Writing an application that is appealing to the user is not an
easy task. While there are many cool and easy-to-use applications
out there, there are even more applications that
users are not very happy with. Part of the problem is that the
target audience keeps changing, continuously bringing new
challenges and always leaving space for improvement. What this
article tries to show you will not transform any application into a
glamorous super tool, but will definitively ease the pain of using
it, especially for mobile users. The change we will discuss here is
subtle and easy to miss in the application when used from the
desktop; however, its benefits become more apparent when used from
notebooks via touchpad or from touchscreens. Since the use of these
devices increases every day, the importance of making applications easy
to use for users of such devices increases as well.

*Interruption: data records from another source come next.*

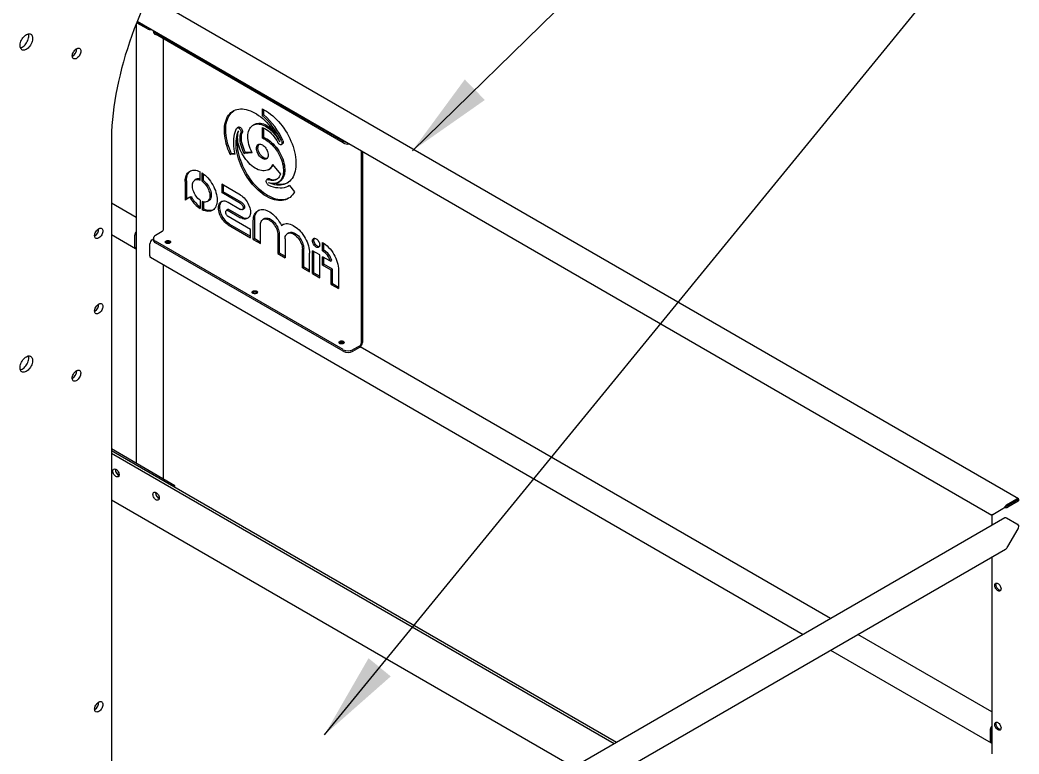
# Model space of a CAD drawing. Header units: millimetres. Extents: x 0 to 55611, y 0 to 32827.
# Drawn here: x 35946 to 37376, y 13191 to 14241 of the extents above; entities that cross this region are included whole.
import ezdxf

# ---------------------------------------------------------------- set-up
doc = ezdxf.new("R2010")
doc.units = ezdxf.units.MM
doc.header["$LTSCALE"] = 10
doc.linetypes.add('SLD-Continua', pattern=[0])
doc.layers.add('EQUIPO', color=30, linetype='SLD-Continua')
doc.layers.add('STRUC', color=5, linetype='SLD-Continua')
doc.styles.add('1', font='romans.shx', dxfattribs={"height": 125})
doc.dimstyles.new('50', dxfattribs={"dimscale": 0, "dimtxt": 125, "dimasz": 125, "dimexe": 125, "dimexo": 125, "dimgap": 50, "dimtad": 1, "dimdec": 0, "dimlfac": 49.861111, "dimzin": 1, "dimtxsty": '1', "dimcen": 2.5, "dimclrd": 1, "dimclre": 1, "dimadec": 0, "dimazin": 0, "dimtfac": 1, "dimtdec": 0, "dimtmove": 0, "dimatfit": 3, "dimfxl": 1, "dimtzin": 1, "dimarcsym": 0})

msp = doc.modelspace()

# ---------------------------------------------------------------- linework, layer by layer
at = {"layer": 'EQUIPO', "linetype": 'SLD-Continua', "lineweight": 25}
msp.add_line((36076.7, 14064.1), (36076.7, 13045.8), dxfattribs=at)
at = {"layer": 'EQUIPO', "linetype": 'SLD-Continua', "lineweight": 25, "flags": 128}
for points in [[(36238.2, 14434.1), (36231.5, 14427), (36224.8, 14419.6), (36218.3, 14412.1), (36211.8, 14404.5), (36205.4, 14396.7), (36199.2, 14388.7), (36193, 14380.6), (36187, 14372.4), (36181.1, 14364.1), (36175.3, 14355.6), (36169.6, 14347), (36164.1, 14338.3), (36158.7, 14329.5), (36153.4, 14320.6), (36148.3, 14311.7), (36143.3, 14302.6), (36138.5, 14293.5), (36133.8, 14284.3), (36129.4, 14275.1), (36125, 14265.8), (36120.9, 14256.5), (36116.9, 14247.1), (36113, 14237.7), (36109.4, 14228.3), (36105.9, 14218.9), (36102.7, 14209.5), (36099.6, 14200), (36096.7, 14190.6), (36093.9, 14181.2), (36091.4, 14171.9), (36089.1, 14162.5), (36087, 14153.2), (36085, 14144), (36083.3, 14134.8), (36081.8, 14125.7), (36080.4, 14116.6), (36079.3, 14107.6), (36078.4, 14098.7), (36077.6, 14089.9), (36077.1, 14081.2), (36076.8, 14072.6), (36076.7, 14064.1)], [(35963.5, 14218.2), (35963.9, 14216.9), (35964, 14215.4), (35964, 14213.8), (35963.8, 14212.2), (35963.3, 14210.4), (35962.7, 14208.7), (35961.9, 14207), (35961, 14205.3), (35959.9, 14203.7), (35958.7, 14202.3), (35957.5, 14201), (35956.1, 14200), (35954.8, 14199.1), (35953.4, 14198.5), (35952.1, 14198.1), (35950.9, 14198), (35949.7, 14198.1), (35948.7, 14198.6), (35947.8, 14199.2), (35947.1, 14200.1), (35946.5, 14201.2), (35946.1, 14202.5), (35946, 14203.9), (35946, 14205.5), (35946.2, 14207.2), (35946.7, 14208.9), (35947.3, 14210.7), (35948.1, 14212.4), (35949, 14214.1), (35950.1, 14215.6), (35951.3, 14217.1), (35952.6, 14218.3), (35953.9, 14219.4), (35955.2, 14220.3), (35956.6, 14220.9), (35957.9, 14221.3), (35959.1, 14221.4), (35960.3, 14221.2), (35961.3, 14220.8), (35962.2, 14220.2), (35963, 14219.3), (35963.5, 14218.2)], [(35946.4, 14201.4), (35946.5, 14201.4), (35947.8, 14201.8), (35949.1, 14202.4), (35950.5, 14203.2), (35951.8, 14204.3), (35953.1, 14205.6), (35954.3, 14207), (35955.3, 14208.6), (35956.3, 14210.2), (35957.1, 14212), (35957.7, 14213.7), (35958.1, 14215.4), (35958.4, 14217.1), (35958.4, 14218.7), (35958.2, 14220.1), (35957.9, 14221.3)], [(36032.6, 14198.8), (36032.9, 14197.7), (36033, 14196.5), (36032.8, 14195.1), (36032.5, 14193.7), (36032, 14192.2), (36031.3, 14190.8), (36030.4, 14189.5), (36029.5, 14188.3), (36028.4, 14187.2), (36027.3, 14186.4), (36026.2, 14185.7), (36025.1, 14185.4), (36024.1, 14185.3), (36023.1, 14185.4), (36022.3, 14185.8), (36021.6, 14186.5), (36021.2, 14187.4), (36020.9, 14188.5), (36020.8, 14189.7), (36020.9, 14191.1), (36021.3, 14192.5), (36021.8, 14194), (36022.5, 14195.4), (36023.3, 14196.7), (36024.3, 14198), (36025.3, 14199), (36026.4, 14199.9), (36027.6, 14200.5), (36028.7, 14200.9), (36029.7, 14201), (36030.6, 14200.8), (36031.5, 14200.4), (36032.1, 14199.7), (36032.6, 14198.8)], [(36064.1, 13941.3), (36064.4, 13940.3), (36064.5, 13939.1), (36064.3, 13937.8), (36064, 13936.4), (36063.5, 13935), (36062.9, 13933.6), (36062, 13932.3), (36061.1, 13931.2), (36060.1, 13930.2), (36059, 13929.3), (36058, 13928.8), (36056.9, 13928.4), (36055.9, 13928.3), (36055, 13928.4), (36054.2, 13928.9), (36053.6, 13929.5), (36053.1, 13930.4), (36052.9, 13931.4), (36052.8, 13932.6), (36052.9, 13933.9), (36053.2, 13935.3), (36053.7, 13936.7), (36054.4, 13938), (36055.2, 13939.3), (36056.1, 13940.5), (36057.1, 13941.5), (36058.2, 13942.3), (36059.3, 13942.9), (36060.3, 13943.3), (36061.3, 13943.4), (36062.2, 13943.2), (36063, 13942.8), (36063.6, 13942.2), (36064.1, 13941.3)], [(36064.1, 13833.5), (36064.4, 13832.4), (36064.5, 13831.2), (36064.3, 13829.9), (36064, 13828.5), (36063.5, 13827.1), (36062.9, 13825.8), (36062, 13824.5), (36061.1, 13823.3), (36060.1, 13822.3), (36059, 13821.5), (36058, 13820.9), (36056.9, 13820.5), (36055.9, 13820.4), (36055, 13820.6), (36054.2, 13821), (36053.6, 13821.7), (36053.1, 13822.5), (36052.9, 13823.6), (36052.8, 13824.8), (36052.9, 13826.1), (36053.2, 13827.4), (36053.7, 13828.8), (36054.4, 13830.2), (36055.2, 13831.5), (36056.1, 13832.6), (36057.1, 13833.6), (36058.2, 13834.5), (36059.3, 13835.1), (36060.3, 13835.4), (36061.3, 13835.5), (36062.2, 13835.4), (36063, 13835), (36063.6, 13834.3), (36064.1, 13833.5)], [(35963.4, 13757.2), (35963.8, 13755.9), (35963.9, 13754.4), (35963.9, 13752.9), (35963.7, 13751.2), (35963.2, 13749.5), (35962.6, 13747.7), (35961.8, 13746), (35960.9, 13744.3), (35959.8, 13742.8), (35958.6, 13741.3), (35957.4, 13740.1), (35956, 13739), (35954.7, 13738.1), (35953.3, 13737.5), (35952, 13737.1), (35950.8, 13737), (35949.6, 13737.2), (35948.6, 13737.6), (35947.7, 13738.2), (35947, 13739.1), (35946.4, 13740.2), (35946, 13741.5), (35945.9, 13743), (35945.9, 13744.5), (35946.1, 13746.2), (35946.6, 13747.9), (35947.2, 13749.7), (35948, 13751.4), (35948.9, 13753.1), (35950, 13754.6), (35951.2, 13756.1), (35952.5, 13757.3), (35953.8, 13758.4), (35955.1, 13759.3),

What is this mysterious feature that will appeal to your
mobile users? It's an enhancement to the default scrolling
functionality. Let's have a closer look at lists, which seem to be
the most common case of scrollable components in applications. If
you have tried scrolling through a moderately long list of items in
any application using the touchpad on your notebook, you know it can
be a real pain.

Recently I watched the video showing the "">GreenUI (posted
by James Gosling on his blog). He made one very interesting point
in the video: "Everything is about scrollbars." GreenUI had built-in support for gestures used heavily when scrolling through lists
of items. This was exactly the kind of thing that made scrolling
easy. What does such gesture support look like? Imagine
for a moment the list is actually a big wheel with all its items
written on the outside of it, one by one in regular intervals. The
supported gesture for scrolling is then what looks like an attempt
to spin such a big wheel. How do you spin a wheel, you ask? You
grab one of the items and drag it in direction in which you want
the wheel to spin. And the wheel will keep spinning for a while
even after you have released it. The speed and duration of such
spinning depends on how vigorously you spun the wheel.

Imagine this functionality in the context of a long list and
a touchpad. First, you don't have to navigate to the scrollbar on a
side of the list and second, if the list is a bit longer, you just
spin it and it will continue rolling for a while, even after your
finger has run off the touchpad itself. In recent testing, users
not only think it is useful, they think it's cool, and keep spinning
the lists subconsciously while thinking about something else with
the application open.

If you skip to the Resources section right now,
you can watch a short video showing the final effect.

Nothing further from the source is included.